Now, with higher volumes of more complex asset classes and loan books, there are therefore more permutations of factors that could pose a challenge – such as mortality, drawdown, prepayment and house prices – and as things stand, the basic requirements of how to manage those risks under the Bank of England are only a bare minimum.
The question on everyone’s lips then, is how is this growth sustainable? How can the banking sector keep up this lending boom in a prudent and controlled way?
Out with the old
It’s a question we’ve concerned ourselves with here at MIAC, as we continue to focus on the challenges, risks and opportunities for innovation within this blossoming market.
Our answer? Innovating the methods of loan book management. Historically, the solutions to data management, reporting and analytics for long term exposures have taken spreadsheets as their basis. Recourse to these spreadsheet models for risk analysis has been the standard approach for many lenders for many years, but this is both an unscalable and time and resource-intensive solution.
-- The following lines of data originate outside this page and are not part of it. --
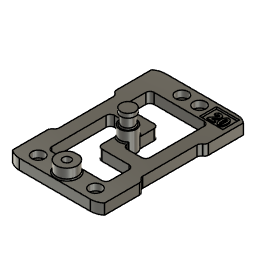
FS40 Unified Adapter 2MPix v1 (Autodesk Fusion 360 design; units mm, degrees)
Autodesk Fusion 360 part; units mm, degrees
note: some values were not read from the file. Set by a fixed rule: which sketch regions a step uses.
sketch "Schizzo5" plane through (0, 0, 0) normal (0, 0, 1) x (1, 0, 0)
  line L0 (334.1836, 79.5632) -> (384.1836, 79.5632) construction
  line L1 (384.1836, 79.5632) -> (384.1836, 9.5632) construction
  line L2 (384.1836, 9.5632) -> (334.1836, 9.5632) construction
  line L3 (334.1836, 9.5632) -> (334.1836, 79.5632) construction
  circle A0 centre (342.1836, 17.5632) radius 8
  circle A1 centre (342.1836, 71.5632) radius 8
  line L4 (359.1836, 79.5632) -> (359.1836, 9.5632) construction
  circle A2 centre (376.1836, 71.5632) radius 8
  circle A3 centre (376.1836, 17.5632) radius 8
  line L5 (334.1836, 74.5632) -> (384.1836, 74.5632) construction
  line L6 (334.1836, 15.3132) -> (384.1836, 15.3132) construction
  circle A4 centre (359.1836, 15.3132) radius 1.9
  line L7 (345.4836, 79.5632) -> (345.4836, 9.5632) construction
  line L8 (372.8836, 79.5632) -> (372.8836, 9.5632) construction
  circle A5 centre (345.4836, 15.3132) radius 1.6
  circle A6 centre (345.4836, 15.3132) radius 3
  line L9 (354.9536, 79.5632) -> (354.9536, 9.5632) construction
  line L10 (363.4136, 79.5632) -> (363.4136, 9.5632) construction
  circle A7 centre (354.9536, 74.5632) radius 1.6
  circle A8 centre (354.9536, 74.5632) radius 3
  circle A9 centre (363.4136, 74.5632) radius 3
  circle A10 centre (363.4136, 74.5632) radius 1.6
  circle A11 centre (372.8836, 15.3132) radius 3
  circle A12 centre (372.8836, 15.3132) radius 1.6
  line L11 (334.1836, 44.3132) -> (384.1836, 44.3132) construction
  circle A13 centre (359.1836, 44.5632) radius 2.9
  line L12 (334.1836, 71.5632) -> (334.1836, 17.5632)
  line L13 (342.1836, 9.5632) -> (376.1836, 9.5632)
  line L14 (384.1836, 17.5632) -> (384.1836, 71.5632)
  line L15 (376.1836, 79.5632) -> (342.1836, 79.5632)
  circle A14 centre (359.1836, 44.5632) radius 4
  circle A15 centre (359.1836, 15.3132) radius 5
  dimension "d289" = 50
  dimension "d290" = 70
  dimension "d291" = 8
  dimension "d292" = 8
  dimension "d293" = 5
  dimension "d294" = 59.25
  dimension "d295" = 3.8
  dimension "d296" = 38.7
  dimension "d297" = 38.7
  dimension "d298" = 3.2
  dimension "d299" = 6
  dimension "d300" = 29.23
  dimension "d301" = 29.23
  dimension "d302" = 3.2
  dimension "d303" = 6
  dimension "d304" = 29
  dimension "d305" = 5.8
  dimension "d386" = 8
  dimension "d393" = 10
  constraint horizontal L0
  constraint vertical L1
  constraint horizontal L2
  constraint vertical L3
  constraint tangent L3 A0
  constraint tangent L2 A0
  constraint tangent L0 A1
  constraint tangent L3 A1
  constraint midpoint L0 L4.start
  constraint midpoint L2 L4.end
  constraint symmetric A0 L4 A3
  constraint symmetric A1 L4 A2
  constraint coincident L3 L5.start
  constraint coincident L1 L5.end
  constraint perpendicular L1 L5
  constraint coincident L3 L6.start
  constraint coincident L1 L6.end
  constraint perpendicular L1 L6
  constraint midpoint L6 A4.centre
  constraint coincident L0 L7.start
  constraint coincident L2 L7.end
  constraint perpendicular L2 L7
  constraint coincident L0 L8.start
  constraint coincident L2 L8.end
  constraint perpendicular L2 L8
  constraint coincident L7 A5.centre
  constraint coincident L6 A5.centre
  constraint concentric A5 A6
  constraint coincident L0 L9.start
  constraint coincident L2 L9.end
  constraint perpendicular L2 L9
  constraint coincident L0 L10.start
  constraint coincident L2 L10.end
  constraint perpendicular L2 L10
  constraint coincident L5 A7.centre
  constraint coincident L9 A7.centre
  constraint concentric A7 A8
  constraint symmetric L4 A5 A12
  constraint symmetric L4 A6 A11
  constraint symmetric L4 A7 A10
  constraint symmetric L4 A8 A9
  constraint coincident L3 L11.start
  constraint coincident L1 L11.end
  constraint perpendicular L1 L11
  constraint midpoint L4 A13.centre
  constraint coincident A1 L12.start
  constraint coincident L3 L12.start
  constraint coincident L3 L12.end
  constraint coincident A0 L12.end
  constraint coincident A0 L13.start
  constraint coincident L2 L13.start
  constraint coincident A3 L13.end
  constraint coincident L2 L13.end
  constraint coincident A3 L14.start
  constraint coincident L1 L14.start
  constraint coincident A2 L14.end
  constraint coincident L1 L14.end
  constraint coincident A2 L15.start
  constraint coincident L0 L15.start
  constraint coincident L0 L15.end
  constraint coincident A1 L15.end
  constraint concentric A13 A14
  constraint concentric A4 A15
  measures "d289" distance of L0.start L0.end
  measures "d290" distance of L0.start L2.end
  measures "d291" radius of A0
  measures "d292" radius of A1
  measures "d293" distance of L0 L5
  measures "d294" distance of L5 L6
  measures "d295" diameter of A4
  measures "d296" distance of L1 L7
  measures "d297" distance of L3 L8
  measures "d298" diameter of A5
  measures "d299" diameter of A6
  measures "d300" distance of L1 L9
  measures "d301" distance of L3 L10
  measures "d302" diameter of A7
  measures "d303" diameter of A8
  measures "d304" distance of L6 L11
  measures "d305" diameter of A13
  measures "d386" diameter of A14
  measures "d393" diameter of A15
extrude "Estrusione26" add sketch "Schizzo5" along normal blind 5 contours A0 | A0 A1 A2 A3 L12 L13 L14 L15 | A1 | A3 | A2 | A6 | A8 | A9 | A11 | A14 | A15
extrude "Estrusione27" cut sketch "Schizzo5" against normal blind 3.2 from surface at 5 contours A6 | A8 | A9 | A11
extrude "Estrusione34" add sketch "Schizzo5" along normal blind 10 contours A15
sketch "Schizzo16" plane through (0, 0, 5) normal (0, 0, 1) x (-1, 0, 0)
  circle A0 centre (-363.4136, -74.5632) radius 3
  circle A1 centre (-345.4836, -15.3132) radius 3
  circle A2 centre (-354.9536, -74.5632) radius 3
  circle A3 centre (-372.8836, -15.3132) radius 3
  circle A4 centre (-359.1836, -44.5632) radius 2.9
  line L0 (-376.1836, -79.5632) -> (-342.1836, -79.5632)
  arc A5 (-342.1836, -79.5632) -> (-334.1836, -71.5632) centre (-342.1836, -71.5632) ccw
  line L1 (-334.1836, -71.5632) -> (-334.1836, -17.5632)
  arc A6 (-334.1836, -17.5632) -> (-342.1836, -9.5632) centre (-342.1836, -17.5632) ccw
  line L2 (-342.1836, -9.5632) -> (-376.1836, -9.5632)
  arc A7 (-376.1836, -9.5632) -> (-384.1836, -17.5632) centre (-376.1836, -17.5632) ccw
  line L3 (-384.1836, -17.5632) -> (-384.1836, -71.5632)
  arc A8 (-384.1836, -71.5632) -> (-376.1836, -79.5632) centre (-376.1836, -71.5632) ccw
  line L4 (-334.1836, -79.5632) -> (-384.1836, -79.5632) construction
  line L5 (-384.1836, -79.5632) -> (-384.1836, -9.5632) construction
  line L6 (-384.1836, -9.5632) -> (-334.1836, -9.5632) construction
  line L7 (-334.1836, -9.5632) -> (-334.1836, -79.5632) construction
  line L8 (-359.1836, -79.5632) -> (-359.1836, -9.5632) construction
  line L9 (-373.1836, -56.0632) -> (-345.1836, -56.0632)
  line L10 (-345.1836, -56.0632) -> (-345.1836, -69.0632)
  line L11 (-345.1836, -69.0632) -> (-373.1836, -69.0632)
  line L12 (-373.1836, -69.0632) -> (-373.1836, -56.0632)
  line L13 (-373.1836, -56.0632) -> (-345.1836, -69.0632) construction
  line L14 (-345.1836, -56.0632) -> (-373.1836, -69.0632) construction
  line L15 (-373.1836, -20.0632) -> (-345.1836, -20.0632)
  line L16 (-345.1836, -20.0632) -> (-345.1836, -33.0632)
  line L17 (-345.1836, -33.0632) -> (-373.1836, -33.0632)
  line L18 (-373.1836, -33.0632) -> (-373.1836, -20.0632)
  line L19 (-373.1836, -20.0632) -> (-345.1836, -33.0632) construction
  line L20 (-345.1836, -20.0632) -> (-373.1836, -33.0632) construction
  line L21 (-345.1836, -50.0632) -> (-356.1836, -50.0632)
  line L22 (-356.1836, -50.0632) -> (-356.1836, -33.0632)
  line L23 (-356.1836, -33.0632) -> (-345.1836, -33.0632)
  line L24 (-345.1836, -33.0632) -> (-345.1836, -50.0632)
  line L25 (-334.1836, -79.5632) -> (-337.1836, -79.5632)
  line L26 (-337.1836, -79.5632) -> (-337.1836, -9.5632)
  line L27 (-337.1836, -9.5632) -> (-334.1836, -9.5632)
  line L28 (-334.1836, -9.5632) -> (-334.1836, -79.5632)
  line L29 (-381.1836, -79.5632) -> (-381.1836, -9.5632)
  line L30 (-362.1836, -33.0632) -> (-373.1836, -33.0632)
  line L31 (-362.1836, -56.0632) -> (-373.1836, -56.0632)
  line L32 (-373.1836, -56.0632) -> (-373.1836, -39.0632)
  line L33 (-373.1836, -39.0632) -> (-362.1836, -39.0632)
  line L34 (-362.1836, -39.0632) -> (-362.1836, -56.0632)
  line L35 (-334.1836, -44.5632) -> (-384.1836, -44.5632) construction
  line L36 (-339.1836, -29.5632) -> (-337.1836, -29.5632)
  line L37 (-337.1836, -29.5632) -> (-337.1836, -59.5632)
  line L38 (-337.1836, -59.5632) -> (-339.1836, -59.5632)
  line L39 (-339.1836, -59.5632) -> (-339.1836, -29.5632)
  line L40 (-339.1836, -29.5632) -> (-337.1836, -59.5632) construction
  line L41 (-337.1836, -29.5632) -> (-339.1836, -59.5632) construction
  line L42 (-379.1836, -59.5632) -> (-379.1836, -29.5632)
  line L43 (-381.1836, -59.5632) -> (-379.1836, -59.5632)
  line L44 (-381.1836, -29.5632) -> (-381.1836, -59.5632)
  line L45 (-379.1836, -29.5632) -> (-381.1836, -29.5632)
  line L46 (-368, -78.0632) -> (-379, -78.0632)
  line L47 (-379, -78.0632) -> (-379, -70.0632)
  line L48 (-379, -70.0632) -> (-368, -70.0632)
  line L49 (-368, -70.0632) -> (-368, -78.0632)
  circle A9 centre (-359.1836, -15.3132) radius 5
  point P0 (-359.1836, -62.5632)
  point P1 (-359.1836, -26.5632)
  point P2 (-338.1836, -44.5632)
  dimension "d311" = 28
  dimension "d312" = 13
  dimension "d313" = 17
  dimension "d314" = 28
  dimension "d315" = 13
  dimension "d316" = 17
  dimension "d335" = 3
  dimension "d366" = 2
  dimension "d367" = 30
  dimension "d375" = 17
  dimension "d376" = 11
  dimension "d385" = 1.5
  constraint horizontal L4
  constraint vertical L5
  constraint horizontal L6
  constraint vertical L7
  constraint collinear L0 L4
  constraint collinear L2 L6
  constraint collinear L1 L7
  constraint collinear L3 L5
  constraint midpoint L4 L8.start
  constraint midpoint L6 L8.end
  constraint horizontal L9
  constraint perpendicular L9 L10
  constraint parallel L9 L11
  constraint parallel L10 L12
  constraint coincident L13 P0
  constraint coincident L14 P0
  constraint coincident L8 P0
  constraint horizontal L15
  constraint perpendicular L15 L16
  constraint parallel L15 L17
  constraint parallel L16 L18
  constraint coincident L19 P1
  constraint coincident L20 P1
  constraint coincident L8 P1
  constraint horizontal L21
  constraint vertical L22
  constraint horizontal L23
  constraint vertical L24
  constraint collinear L17 L23
  constraint collinear L16 L24
  constraint horizontal L25
  constraint vertical L26
  constraint horizontal L27
  constraint vertical L28
  constraint collinear L7 L28
  constraint collinear L4 L25
  constraint collinear L6 L27
  constraint symmetric L8 L25.end L29.start
  constraint symmetric L8 L26.end L29.end
  constraint symmetric L8 L22.end L30.start
  constraint symmetric L8 L16.end L17.end
  constraint horizontal L31
  constraint vertical L32
  constraint horizontal L33
  constraint vertical L34
  constraint coincident L9.start L12.end
  constraint equal L21 L33
  constraint equal L22 L34
  constraint midpoint L7 L35.start
  constraint midpoint L5 L35.end
  constraint horizontal L36
  constraint perpendicular L36 L37
  constraint parallel L36 L38
  constraint parallel L37 L39
  constraint coincident L40 P2
  constraint coincident L41 P2
  constraint coincident L35 P2
  constraint collinear L26 L37
  constraint symmetric L8 L36.start L42.end
  constraint symmetric L8 L36.end L44.start
  constraint symmetric L8 L37.end L43.start
  constraint symmetric L8 L38.end L42.start
  constraint horizontal L46
  constraint vertical L47
  constraint horizontal L48
  constraint vertical L49
  measures "d311" distance of L10.end L11.end
  measures "d312" distance of L9.end L10.end
  measures "d313" distance of L4 P0
  measures "d314" distance of L16.end L17.end
  measures "d315" distance of L15.end L16.end
  measures "d316" distance of L6 P1
  measures "d335" distance of L26 L28
  measures "d366" distance of L37.end L38.end
  measures "d367" distance of L36.end L37.end
  measures "d375" distance of L17 L21
  measures "d376" distance of L32 L34
  measures "d385" distance of L4 L46
extrude "Estrusione28" cut sketch "Schizzo16" against normal blind 5 contours A7 L3 A8 L29 L44 | A5 L1 A6 L26 L28 L37 | L29 L42 L43 L44 L45 | L26 L36 L37 L38 L39 | L9 L31 L32 L33 L34 | L9 L10 L11 L12 L31 | L15 L16 L17 L18 L23 L30 A9 | L15 A9 | L17 L21 L22 L23 L24 picked at (-358.8679, -20.1163)
extrude "Estrusione35" cut sketch "Schizzo16" along normal mid plane 10 contours L15 A9 picked at (-358.8679, -20.1163)
fillet "Raccordo10" radius 0.5 1 edges at (359.1836, 10.3132, 5)
fillet "Raccordo1" radius 2 1 edges at (356.1836, 50.0632, 2.5)
fillet "Raccordo1" radius 2 1 edges at (345.1836, 50.0632, 2.5)
fillet "Raccordo1" radius 2 1 edges at (356.1836, 33.0632, 2.5)
fillet "Raccordo2" radius 2 1 edges at (345.1836, 69.0632, 2.5)
fillet "Raccordo2" radius 2 1 edges at (373.1836, 69.0632, 2.5)
fillet "Raccordo2" radius 2 1 edges at (373.1836, 33.0632, 2.5)
fillet "Raccordo2" radius 2 1 edges at (345.1836, 20.0632, 2.5)
fillet "Raccordo2" radius 2 1 edges at (373.1836, 20.0632, 2.5)
fillet "Raccordo3" radius 2 1 edges at (345.1836, 56.0632, 2.5)
fillet "Raccordo3" radius 2 1 edges at (362.1836, 56.0632, 2.5)
fillet "Raccordo3" radius 2 2 edges at (362.1836, 39.0632, 2.5) (373.1836, 39.0632, 2.5)
extrude "Estrusione29" add sketch "Schizzo5" along normal blind 15 contours A13
extrude "Estrusione33" add sketch "Schizzo5" along normal blind 10 contours A14
fillet "Raccordo8" radius 0.5 2 edges at (359.1836, 48.5632, 5) (359.1836, 40.5632, 5)
fillet "Raccordo8" radius 0.5 1 edges at (356.4798, 43.5145, 10)
sketch "Schizzo17" plane through (0, 0, 15) normal (0, 0, 1) x (-1, 0, 0)
  circle A0 centre (-359.1836, -44.5632) radius 2.9
  line L0 (-356.2836, -47.4632) -> (-362.0836, -47.4632) construction
  line L1 (-362.0836, -47.4632) -> (-362.0836, -41.6632) construction
  line L2 (-362.0836, -41.6632) -> (-356.2836, -41.6632) construction
  line L3 (-356.2836, -41.6632) -> (-356.2836, -47.4632) construction
  line L4 (-356.2836, -44.5632) -> (-362.0836, -44.5632) construction
  line L5 (-359.1836, -47.4632) -> (-359.1836, -41.6632) construction
  circle A1 centre (-359.1836, -44.5632) radius 3.5
  dimension "d372" = 7
  constraint horizontal L0
  constraint vertical L1
  constraint horizontal L2
  constraint vertical L3
  constraint tangent A0 L0
  constraint tangent A0 L3
  constraint tangent A0 L2
  constraint tangent A0 L1
  constraint midpoint L3 L4.start
  constraint midpoint L1 L4.end
  constraint midpoint L0 L5.start
  constraint midpoint L2 L5.end
  constraint concentric A0 A1
  measures "d372" diameter of A1
extrude "Estrusione30" add sketch "Schizzo17" along normal blind 2 contours A0 | A1
fillet "Raccordo5" radius 2 4 edges at (337.1836, 59.5632, 2.5) (339.1836, 59.5632, 2.5) (337.1836, 29.5632, 2.5) (339.1836, 29.5632, 2.5)
fillet "Raccordo6" radius 2 4 edges at (381.1836, 29.5632, 2.5) (379.1836, 29.5632, 2.5) (381.1836, 59.5632, 2.5) (379.1836, 59.5632, 2.5)
extrude "Estrusione31" cut sketch "Schizzo16" against normal blind 1 contours L46 L47 L48 L49
sketch "Schizzo19" plane through (0, 0, 4) normal (0, 0, 1) x (-1, 0, 0)
  line L0 (-368, -70.0632) -> (-379, -70.0632)
  line L1 (-379, -70.0632) -> (-379, -78.0632)
  line L2 (-379, -78.0632) -> (-368, -78.0632)
  line L3 (-368, -78.0632) -> (-368, -70.0632)
  line L4 (-368, -70.0632) -> (-379, -70.0632) construction
  line L5 (-379, -70.0632) -> (-379, -78.0632) construction
  line L6 (-379, -78.0632) -> (-368, -78.0632) construction
  line L7 (-368, -78.0632) -> (-368, -70.0632) construction
  dimension "d380" = 5
  text T0 "20" font "Arial" height 5 bold align centre middle in box 11 x 8 at (-368, -70.0632) x (-1, 0) y (0, -1) spacing 1
  constraint coincident L0.end
  constraint coincident L2.end
extrude "Estrusione32" add sketch "Schizzo19" along normal blind 0.5 text T0
equation "d315 = d312"
equation "d316 = d313"
named bodies: "Adattatore V2"

The spreadsheet is not at home with multiple user engagement or more intuitive integration; it is not a tool designed to hold reams of information, and because of that, it’s prone to human error and diminished accuracy.
This isn’t to say that the merits of the spreadsheet are insignificant, but rather in the face of increasingly complex loan books and a sudden boom in demand that could risk bottleneck, there must be a more intelligent way to understand risk. And there is.
In with the new
Where to, then? An end-to-end database system, where data can be inputted in a variety of ways and formats and pumped out into comprehensive yet digestible reports for use across different corners of a business.
Systems already exist that are auditable, scalable and efficient. Our MIAC Vision technology is widely in use across the mortgage industry, and is now proving its worth in the LTM sector. Having deployed it in the market in partnership with one major organisation, we have now proven it to significantly improve insight and understanding of risk, far more efficiently than the pre-existing models.
A database application does not suffer from many of the restrictions posed by spreadsheet models. Vision also offers both the probabilistic and simulation approach to LTM so the user is not restricted by the assumptions implicit within the Black-Scholes option pricing approach and provides a view of the full distribution of outcomes. Equity release lenders have been asking for an end-to-end solution: to enable data aggregation, normalisation, audit, encryption, automation and reporting across their whole business.
Now armed with the technology to report on more complex calculations and manage risk, there is no reason why the equity release market cannot confidently future-proof its continuing growth. We in the business of analytics and technology are keeping pace by building future functionality into our systems.
For example we have anticipated the fast-growing need to understand environmental factors – which is especially important with longer-term asset classes – in particular a much clearer analysis of the effects of flood risk, construction type and subsidence risk on the sustainable value of assets.
As growing cohorts of homeowners over 55 are looking to release property wealth to support themselves, their loved ones or their retirement, lenders have all the tools at their disposal to comfortably keep up with demand.